Now, letʼs dig a little deeper, philosophically. And letʼs note that a consideration of human action will illustrate how the
different themes we are considering in this book are interconnected, since to understand the phenomenology of action,
it will be necessary to draw on our previous discussions of the phenomenology of pre-reflective consciousness,
temporality, embodiment, perception, and intentionality (just as we will also have to return to and amplify our treatment
of action in our subsequent chapters on sociality and selfhood).38

Concluding my paper about the phenomenology of action, I would like to stress that further research would
obviously be needed; my purpose was very simple: proposing two genuine phenomenological approaches to
action and compare the different positions about this topic, trying to connect the elements and suggesting
some conclusions.
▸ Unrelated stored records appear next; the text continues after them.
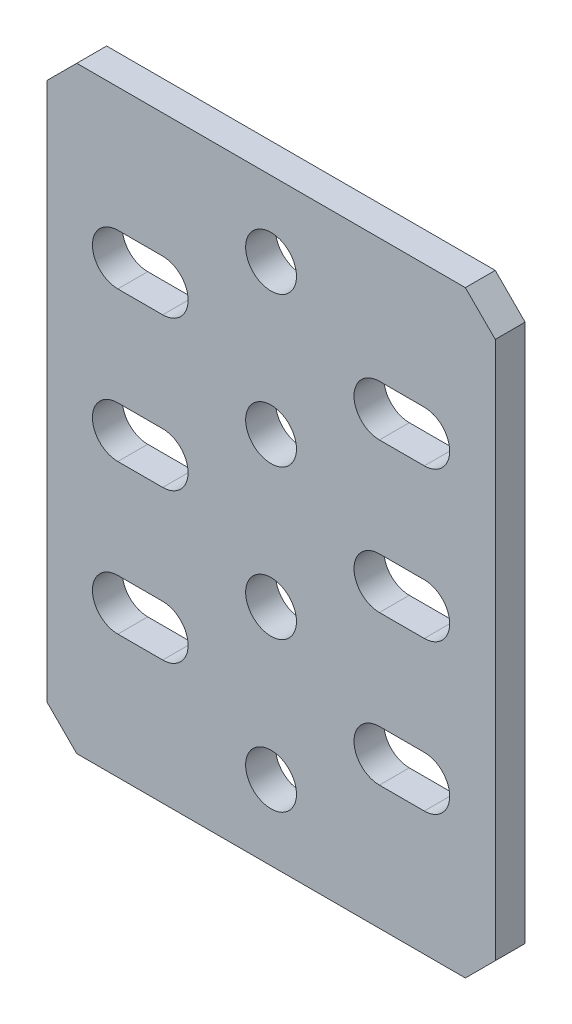
SolidWorks part; units mm, degrees
ref_plane "Front Plane" through (0, 0, 0) normal (0, 0, 1) x (1, 0, 0)
ref_plane "Top Plane" through (0, 0, 0) normal (0, 1, 0) x (1, 0, 0)
ref_plane "Right Plane" through (0, 0, 0) normal (1, 0, 0) x (0, 0, -1)
ref_plane "Plane1" through (0, 0, 0) normal (0, 0, -1) x (-1, 0, 0)
sketch "Sketch1" plane through (0, 0, 0) normal (0, 0, -1) x (-1, 0, 0)
  line L0 (-10.25, -8.3) -> (-7.25, -8.3)
  line L1 (-7.25, -11.7) -> (-10.25, -11.7)
  line L2 (7.25, -8.3) -> (10.25, -8.3)
  line L3 (10.25, -11.7) -> (7.25, -11.7)
  line L4 (-10.25, 1.7) -> (-7.25, 1.7)
  line L5 (-7.25, -1.7) -> (-10.25, -1.7)
  line L6 (7.25, 1.7) -> (10.25, 1.7)
  line L7 (10.25, -1.7) -> (7.25, -1.7)
  line L8 (13, -20) -> (15, -18)
  line L9 (15, -18) -> (15, 18)
  line L10 (15, 18) -> (13, 20)
  line L11 (13, 20) -> (-13, 20)
  line L12 (-13, 20) -> (-15, 18)
  line L13 (-15, 18) -> (-15, -18)
  line L14 (-15, -18) -> (-13, -20)
  line L15 (-13, -20) -> (13, -20)
  line L16 (10.25, 8.3) -> (7.25, 8.3)
  line L17 (7.25, 11.7) -> (10.25, 11.7)
  line L18 (-7.25, 8.3) -> (-10.25, 8.3)
  line L19 (-10.25, 11.7) -> (-7.25, 11.7)
  circle A0 centre (0, -15) radius 1.7
  circle A1 centre (0, -5) radius 1.7
  arc A2 (-10.25, -11.7) -> (-10.25, -8.3) centre (-10.25, -10) cw
  arc A3 (-7.25, -8.3) -> (-7.25, -11.7) centre (-7.25, -10) cw
  arc A4 (7.25, -11.7) -> (7.25, -8.3) centre (7.25, -10) cw
  arc A5 (10.25, -8.3) -> (10.25, -11.7) centre (10.25, -10) cw
  arc A6 (-10.25, -1.7) -> (-10.25, 1.7) centre (-10.25, 0) cw
  arc A7 (-7.25, 1.7) -> (-7.25, -1.7) centre (-7.25, 0) cw
  arc A8 (7.25, -1.7) -> (7.25, 1.7) centre (7.25, 0) cw
  arc A9 (10.25, 1.7) -> (10.25, -1.7) centre (10.25, 0) cw
  arc A10 (7.25, 8.3) -> (7.25, 11.7) centre (7.25, 10) cw
  arc A11 (10.25, 11.7) -> (10.25, 8.3) centre (10.25, 10) cw
  arc A12 (-10.25, 8.3) -> (-10.25, 11.7) centre (-10.25, 10) cw
  arc A13 (-7.25, 11.7) -> (-7.25, 8.3) centre (-7.25, 10) cw
  circle A14 centre (0, 15) radius 1.7
  circle A15 centre (0, 5) radius 1.7
extrude "Boss-Extrude1" add sketch "Sketch1" against normal blind 2

I think that Heideggerʼs elaboration about the worldlessness of world, about poverty in
world of animal (behaviour) and about the world-formation of Dasein (comportment) can bring to mind
Gallagher&Zahaviʼs distinction about oriented-towards-something movements, action, and action with sense
of agency. In this sense I have tried to reflect about act, action, agent and about the agentʼs awareness to be
an agent towards a phenomenology of action, towards a phenomenological clarification of our experience.

37 D.Zahavi and S.Gallagher, The Phenomenological Mind, p. 87.


38 S.Gallagher and D.Zahavi, Ivi, p.157.